Se decide la solicitud de cumplimiento del fallo proferido en la acción de tutela promovida por Jaime Alberto Alí Alí y Saidy Habib Posada contra la Sala de Casación Penal de la Corte Suprema de Justicia.
I. ANTECEDENTES
1. Los promotores presentaron acción de tutela por la presunta vulneración de sus derechos fundamentales al debido proceso, igualdad y vivienda por parte de la Sala de Casación Penal de la Corte Suprema de Justicia, con ocasión del auto AP517-2020 del 19 de febrero de 2020, emitido en el proceso de extinción del derecho de dominio que se siguió sobre los bienes de Víctor Manuel Mejía Múnera, hoy fallecido, y Miguel Ángel Mejía Múnera, reclamados como de su propiedad.
2. El 1º de junio de 2020, Julia Emma Garzón de Gómez, aduciendo la calidad de «Presidenta» de la «Sala Jurisdiccional Disciplinaria Consejo Superior de la Judicatura» ordenó remitir el asunto, para trámite en primera instancia, al Consejo Seccional de la Judicatura de Bogotá (Expediente 110011102000202001485).

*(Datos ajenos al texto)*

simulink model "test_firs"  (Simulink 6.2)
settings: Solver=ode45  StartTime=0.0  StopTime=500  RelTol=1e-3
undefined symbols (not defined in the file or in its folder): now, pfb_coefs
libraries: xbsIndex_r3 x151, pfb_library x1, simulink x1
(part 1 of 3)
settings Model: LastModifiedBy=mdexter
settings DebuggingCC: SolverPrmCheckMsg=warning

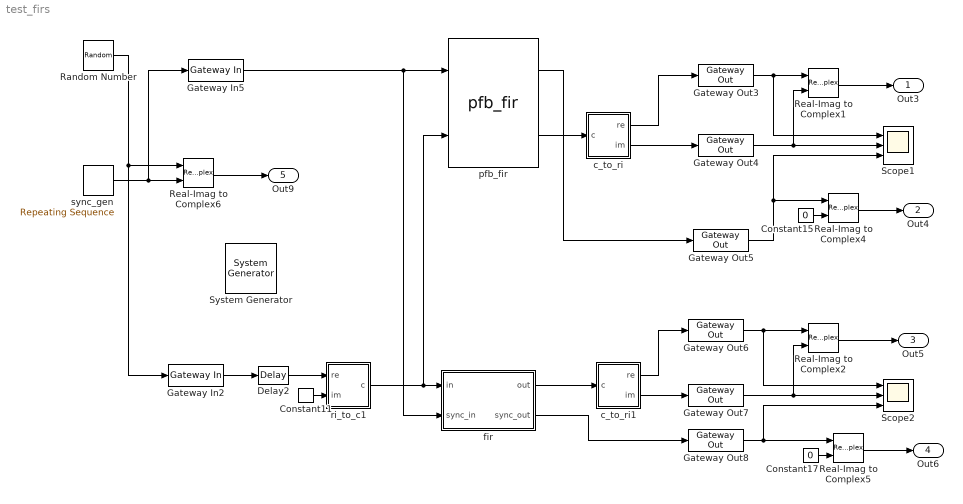
== system test_firs ==
  " System Generator" : xbsIndex_r3/ System Generator  Tag=genX  xilinxfamily=Virtex2  part=xc2v1000  speed=-4  package=bg575  synthesis_tool=XST  directory=./netlist  testbench=off  simulink_period=1  sysclk_period=100  incr_netlist=off  trim_vbits=Everywhere in SubSystem  dbl_ovrd=According to Block Masks  core_generation=According to Block Masks  run_coregen=off  deprecated_control=off  eval_field=0
      settings: AttributesFormatString=System\nGenerator
  Constant11 : xbsIndex_r3/Constant  const=0  equ=P=C  arith_type=Unsigned  n_bits=8  bin_pt=7  opselect=C  inp2=PCIN>>17  opr=+  inp1=P  carry=CIN  iostate=0  explicit_period=on  period=1  dbl_ovrd=off
  Constant15 : Constant  Value=0
  Constant17 : Constant  Value=0
  Delay2 : xbsIndex_r3/Delay  latency=1  reg_retiming=off  explicit_period=off  period=1  en=off  accept_only_valid=off  init_zero=on  dbl_ovrd=off  show_param=off
      settings: xl_area=[0, 0, 0, 0, 0, 0, 0]
  Gateway In2 : xbsIndex_r3/Gateway In  arith_type="Signed  (2's comp)"  n_bits=8  bin_pt=7  quantization="Round  (unbiased: +/- Inf)"  overflow=Wrap  period=1  timing_constraint=None  locs_specified=off  LOCs={}  needs_fixed_name=off  dbl_ovrd=off  show_param=off
      settings: xl_area=[0, 0, 0, 0, 0, 0, 0]
  Gateway In5 : xbsIndex_r3/Gateway In  arith_type=Boolean  n_bits=8  bin_pt=7  quantization=Truncate  overflow=Wrap  period=1  timing_constraint=None  locs_specified=off  LOCs={}  needs_fixed_name=off  dbl_ovrd=off  show_param=off
      settings: xl_area=[0, 0, 0, 0, 0, 0, 0]
  Gateway Out{3..8} (6 alike) : xbsIndex_r3/Gateway Out  output_type=Double  nbits=8  bin_pt=6  arith_type=Boolean  quantization=Truncate  overflow=Wrap  hdl_port=on  timing_constraint=None  locs_specified=off  LOCs={}  needs_fixed_name=off  show_param=off
      settings: xl_area=[0, 0, 0, 0, 0, 0, 0]
  Random Number : RandomNumber  Variance=.3^2  Seed=floor(100*(now-floor(now)))  SampleTime=1
  Real-Imag to Complex{1..2,4..6} (5 alike) : RealImagToComplex
  Scope1 : Scope  NumInputPorts=3
      settings: YMin=-5~-5~-5  YMax=5~5~5
  Scope2 : Scope  NumInputPorts=3
      settings: YMin=-5~-5~-5  YMax=5~5~5  SaveName=ScopeData2
  c_to_ri : Subsystem  mask(Complex to Real-Imag){n_bits=18, bin_pt=17}
      mask prompts: n_bits "Bit Width"; bin_pt "Binary Point"
      mask help: Outputs real and imaginary components of a complex input.
      mask init:
      | c_to_ri_init(gcb,n_bits,bin_pt);
      settings: AttributesFormatString=18_17 r/i
      mask Help:
      | <pre>
      | Description::
      | 
      | Outputs real and imaginary components of a complex input.
      | Useful for simplifying interconnects.
      | See also: Real-Imag to Complex (ri_to_c)
      | 
      | Mask Parameters::
      | 
      | Bit Width (n_bits): Specifies the width of the real/imaginary components.
      | Assumed equal for both components.
      | 
      | Binary Point (bin_pt): Specifies the binary point location in the real/imaginary components.
      | Assumed equal for both components.
      | </pre>
  c_to_ri1 : Subsystem  mask(Complex to Real-Imag){n_bits=9, bin_pt=7}
      mask prompts: n_bits "Bit Width"; bin_pt "Binary Point"
      mask help: Outputs real and imaginary components of a complex input.
      mask init:
      | c_to_ri_init(gcb,n_bits,bin_pt);
      settings: AttributesFormatString=9_7 r/i
      mask Help:
      | <pre>
      | Description::
      | 
      | Outputs real and imaginary components of a complex input.
      | Useful for simplifying interconnects.
      | See also: Real-Imag to Complex (ri_to_c)
      | 
      | Mask Parameters::
      | 
      | Bit Width (n_bits): Specifies the width of the real/imaginary components.
      | Assumed equal for both components.
      | 
      | Binary Point (bin_pt): Specifies the binary point location in the real/imaginary components.
      | Assumed equal for both components.
      | </pre>
  fir : Subsystem  AncestorBlock=newfft_library/FIR/fir  mask(FIR Filter){coefs=pfb_coefs(64,4), n_bits_c=9, bin_pt_c=8, n_bits_d=8, bin_pt_d=7, n_bits_o=9, bin_pt_o=7, coef_bram=on, delay_bram=on, mult_latency=3, add_latency=1, show_sbo=on, munge_submasks=DumbDown}
      mask prompts: coefs "Tap Coefficients"; n_bits_c "Number of Coefficient Bits"; bin_pt_c "Coefficient Binary Point"; n_bits_d "Number of Data Bits"; bin_pt_d "Data Binary Point"; n_bits_o "Number of Bits Out"; bin_pt_o "Binary Point Out"; coef_bram "Use BRAM for Coefficients"; delay_bram "Use BRAM for Delay"; mult_latency "Multiplier Latency"; add_latency "Adder Latency"; show_sbo "Show Sub-Block Options"; munge_submasks "Sub-Block Masks"
      mask help: A Finite Impluse Response Filter. This FIR filter does not have provisions for folding the input sequence to improve multiplier efficiency, so it is suboptimal for "regular" (i.e. non-WOLA) FIR filters. It is intended primarily for WOLA (Weighted OverLap Add) FIR filters.
      mask init:
      | tic
      | fir_init(gcb, ...
      |   coefs, ...
      |   n_bits_c, ...
      |   bin_pt_c, ...
      |   n_bits_d, ...
      |   bin_pt_d, ...
      |   n_bits_o, ...
      |   bin_pt_o, ...
      |   coef_bram, ...
      |   delay_bram, ...
      |   mult_latency, ...
      |   add_latency, ...
      |   lower(get_param(gcb,'munge_submasks')) );
      | disp('fir_init complete.');
      | toc
      settings: AttributesFormatString=|
      | 4 taps
      | 9_8 coefs
      | 8_7 in
      | 9_7 out
      mask Help:
      | <pre>
      | Description::
      | 
      | A Finite Impluse Response Filter.
      | 
      | This Finite Impluse Response Filter does not have provisions for folding the input
      | sequence to improve multiplier efficiency, so it is suboptimal for "regular" (i.e. non-WOLA)
      | FIR filters.  It is intended primarily for WOLA (Weighted OverLap Add) FIR filters.
      | 
      | Mask Parameters::
      | 
      | Coefficiant(s) (coefs): Matrix of real double(s) to use as coefficient(s).
      | One column per tap.  Multiple rows will create a WOLA filter.
      | These should be specified as doubles.  They will be rounded/saturated according to the
      | specified number of bits (n_bits_c) and binary point (bin_pt_c).
      | 
      | Number of Coefficient Bits (n_bits_c): The number of bits used for the fixed point binary
      | representation of the coefficient(s).
      | 
      | Coefficient Binary Point (bin_pt_c): The binary point of the fixed point binary representation
      | of the coefficient(s).
      | 
      | Number of Data Bits (n_bits_d): The number of bits for real/imaginary components of the data.
      | 
      | Data Binary Point (bin_pt_d): The binary point for real/imaginary components of the data.
      | 
      | Number of Bits Out (n_bits_o): Specifies the width of the output (overflow wraps).
      | The internal adders will use a bit width of (n_bits_o-bin_pt_o+bin_pt_c+bin_pt_d).
      | 
      | Binary Point Out (bin_pt_o): Specifies the binary point of the output (quantization truncates).
      | The internal adders will use a binary point of (bin_pt_c+bin_pt_d).
      | 
      | Use BRAM for Coefficients (coef_bram): Check this checkbox to store the coefficients in BRAM.
      | If unchecked, the coefficients will be stored in distributed memory (i.e. slices).
      | This is only relevant is length(coef) is greater than 1; otherwise, a constant block is used.
      | 
      | Use BRAM for Delay (delay_bram): Check this checkbox to implement the delay using BRAM.
      | If unchecked, the delay will be implemented using SLR16 elements (i.e. slices).
      | 
      | Multiplier Latency (mult_latency): Latency to use for the underlying multiplier.
      | 
      | Adder Latency (add_latency): Latency to use for the underlying adder.
      | </pre>
      mask StyleString: edit,edit,edit,edit,edit,edit,edit,checkbox,checkbox,edit,edit,checkbox,popup(Keep|DumbDown|Unmask)
      mask CallbackString:
      | |||||||||||mvs=get_param(gcb,'MaskVisibilityString');
      | if strcmp(get_param(gcb,'show_sbo'),'on')
      |   onoff='on';
      | else
      |   onoff='off';
      | end
      | mvs=regexprep(mvs,'o[nf]*$',onoff);
      | set_param(gcb,'MaskVisibilityString',mvs);
      | |
  pfb_fir : pfb_library/pfb_fir  PFBSize=6  TotalTaps=4  WindowType=hamming  n_inputs=0  MakeBiplex=off  BitWidthIn=8  BitWidthOut=18  CoeffBitWidth=9  CoeffDistMem=off  add_latency=1  mult_latency=3  bram_latency=1  quantization="Round  (unbiased: Even Values)"  fwidth=1
      link override pol1_in1_first_tap/sync_delay/Constant: equ=P=C
      link override pol1_in1_first_tap/sync_delay/Constant1: equ=P=C
      link override pol1_in1_first_tap/sync_delay/Constant2: equ=P=C
      link override pol1_in1_first_tap/sync_delay/Constant3: equ=P=C
      link override pol1_in1_tap2/sync_delay/Constant: equ=P=C
      link override pol1_in1_tap2/sync_delay/Constant1: equ=P=C
      link override pol1_in1_tap2/sync_delay/Constant2: equ=P=C
      link override pol1_in1_tap2/sync_delay/Constant3: equ=P=C
      link override pol1_in1_tap3/sync_delay/Constant: equ=P=C
      link override pol1_in1_tap3/sync_delay/Constant1: equ=P=C
      link override pol1_in1_tap3/sync_delay/Constant2: equ=P=C
      link override pol1_in1_tap3/sync_delay/Constant3: equ=P=C
  ri_to_c1 : Subsystem  mask(Real-Imag to Complex){}
      mask help: Concatenates real and imaginary inputs into a complex output.
      mask init:
      | ri_to_c_init(gcb);
      mask Help:
      | <pre>
      | Description::
      | 
      | Concatenates a real and imaginary input into a complex output.
      | Useful for simplifying interconnects.
      | See also: Complex to Real-Imag (c_to_ri)
      | 
      | Mask Parameters::
      | 
      | (N/A)
      | </pre>
  sync_gen : simulink/Sources/Repeating Sequence  rep_seq_t=[0:64]  rep_seq_y=[1 zeros(1,63) 1]
  Out3 : Outport
  Out4 : Outport  Port=2
  Out5 : Outport  Port=3
  Out6 : Outport  Port=4
  Out9 : Outport  Port=5
  wires:
  Random Number/1 -> Real-Imag to Complex6/1, Gateway In2/1
  Gateway Out3/1 -> Scope1/1, Real-Imag to Complex1/1
  Gateway Out4/1 -> Scope1/2, Real-Imag to Complex1/2
  Gateway Out5/1 -> Scope1/3, Real-Imag to Complex4/1
  Gateway In5/1 -> fir/2(sync_in), pfb_fir/1
  Gateway In2/1 -> Delay2/1
  Gateway Out6/1 -> Real-Imag to Complex2/1, Scope2/1
  Gateway Out7/1 -> Scope2/2, Real-Imag to Complex2/2
  Gateway Out8/1 -> Scope2/3, Real-Imag to Complex5/1
  fir/2(sync_out) -> Gateway Out8/1
  fir/1(out) -> c_to_ri1/1(c)
  c_to_ri/2(im) -> Gateway Out4/1
  ri_to_c1/1(c) -> fir/1(in), pfb_fir/2
  Constant11/1 -> ri_to_c1/2(im)
  sync_gen/1 -> Real-Imag to Complex6/2, Gateway In5/1
  Delay2/1 -> ri_to_c1/1(re)
  c_to_ri/1(re) -> Gateway Out3/1
  Real-Imag to Complex1/1 -> Out3/1
  c_to_ri1/1(re) -> Gateway Out6/1
  c_to_ri1/2(im) -> Gateway Out7/1
  Real-Imag to Complex2/1 -> Out5/1
  Real-Imag to Complex4/1 -> Out4/1
  Real-Imag to Complex5/1 -> Out6/1
  Constant15/1 -> Real-Imag to Complex4/2
  Constant17/1 -> Real-Imag to Complex5/2
  Real-Imag to Complex6/1 -> Out9/1
  pfb_fir/1 -> Gateway Out5/1
  pfb_fir/2 -> c_to_ri/1(c)

== system test_firs/c_to_ri ==
  c : Inport  Port=1  LatchInput=off
  force_im : xbsIndex_r3/Reinterpret  force_arith_type=on  arith_type="Signed  (2's comp)"  force_bin_pt=on  bin_pt=17  force_valid=on
  force_re : xbsIndex_r3/Reinterpret  force_arith_type=on  arith_type="Signed  (2's comp)"  force_bin_pt=on  bin_pt=17  force_valid=on
  slice_im : xbsIndex_r3/Slice  mode=Lower Bit Location + Width  nbits=18  bit1=0  base1=MSB of Input  bit0=0  base0=LSB of Input  boolean_output=off  explicit_period=off  period=1  dbl_ovrd=off
  slice_re : xbsIndex_r3/Slice  mode=Upper Bit Location + Width  nbits=18  bit1=0  base1=MSB of Input  bit0=0  base0=LSB of Input  boolean_output=off  explicit_period=off  period=1  dbl_ovrd=off
  re : Outport
  im : Outport  Port=2
  wires:
  slice_re/1 -> force_re/1
  slice_im/1 -> force_im/1
  force_re/1 -> re/1
  force_im/1 -> im/1
  c/1 -> slice_re/1, slice_im/1

== system test_firs/c_to_ri1 ==
  c : Inport  Port=1  LatchInput=off
  force_im : xbsIndex_r3/Reinterpret  force_arith_type=on  arith_type="Signed  (2's comp)"  force_bin_pt=on  bin_pt=7  force_valid=on
  force_re : xbsIndex_r3/Reinterpret  force_arith_type=on  arith_type="Signed  (2's comp)"  force_bin_pt=on  bin_pt=7  force_valid=on
  slice_im : xbsIndex_r3/Slice  mode=Lower Bit Location + Width  nbits=9  bit1=0  base1=MSB of Input  bit0=0  base0=LSB of Input  boolean_output=off  explicit_period=off  period=1  dbl_ovrd=off
  slice_re : xbsIndex_r3/Slice  mode=Upper Bit Location + Width  nbits=9  bit1=0  base1=MSB of Input  bit0=0  base0=LSB of Input  boolean_output=off  explicit_period=off  period=1  dbl_ovrd=off
  re : Outport
  im : Outport  Port=2
  wires:
  c/1 -> slice_im/1, slice_re/1
  force_im/1 -> im/1
  force_re/1 -> re/1
  slice_im/1 -> force_im/1
  slice_re/1 -> force_re/1

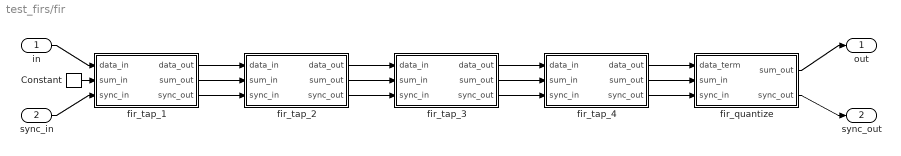
== system test_firs/fir ==
  in : Inport  Port=1  LatchInput=off
  sync_in : Inport  Port=2  LatchInput=off
  Constant : xbsIndex_r3/Constant  const=0  equ=P=C  arith_type=Unsigned  n_bits=34  bin_pt=0  opselect=C  inp2=PCIN>>17  opr=+  inp1=P  carry=CIN  iostate=0  explicit_period=on  period=1  dbl_ovrd=off
  fir_quantize : Subsystem  mask(FIR Filter Quantizer){n_bits_s=17, bin_pt_s=15, n_bits_o=9, bin_pt_o=7}
      mask prompts: n_bits_s "Number of Bits In"; bin_pt_s "Binary Point In"; n_bits_o "Number of Bits Out"; bin_pt_o "Binary Point Out"
      mask help: A Finite Impluse Response Filter ouput quantizer. This FIR filter output quantizer rounds the sum_in value to the precision specified by n_bits and bin_pt. Overflow wraps, but quantization rounds to even if input binary point is greater than output binary point, otherwise quantization tuncates.
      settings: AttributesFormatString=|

3. El 14 de julio de 20201, la Sala Jurisdiccional Disciplinaria del Consejo Seccional falló la tutela, negando «la protección de los derechos fundamentales al debido proceso y al acceso a la administración de justicia de que trata la acción incoada por los ciudadanos JAIME ALBERTO ALÍ ALÍ y SAIDY HABIB POSADA contra la SALA DE CASACIÓN PENAL DE LA CORTE SUPREMA DE JUSTICIA», porque no se verificaron los defectos alegados en la providencia cuestionada.
4. Impugnada la anterior determinación, el 8 de septiembre de 2020, «la Sala Jurisdiccional Disciplinaria del Consejo Superior de la Judicatura», dispuso «REVOCAR la sentencia de primera instancia proferida por la Sala Jurisdiccional Disciplinaria del Consejo Seccional de la Judicatura de Bogotá el 17 de julio de 2020, a través de la cual negó la acción de tutela instaurada por JAIME ALÍ ALÍ y SAIDY HABIB POSADA, contra la SALA DE CASACIÓN PENAL DE LA CORTE SUPREMA DE JUSTICIA, para en su lugar tutelar como mecanismo transitorio, el derecho al debido proceso, en conexidad al de la igualdad y propiedad, y en tal orden de ideas, ordenar a la entidad accionada en un término de 48 horas luego de notificada esta decisión, la cancelación de las medidas cautelares en el asunto bajo estudio, de conformidad con las consideraciones que preceden este acápite».
El documento referido fue suscrito por Alejandro Meza Cárdales, Magda Victoria Acosta Walteros, Fidalgo Javier Estupiñán, Camilo Montoya Reyes, Julia Emma Garzón de Gómez y Pedro Alonso Sanabria Buitrago. Los magistrados Acosta Walteros y Montoya Reyes salvaron el voto. El magistrado Carlos Mario Cano Diosa no asistió.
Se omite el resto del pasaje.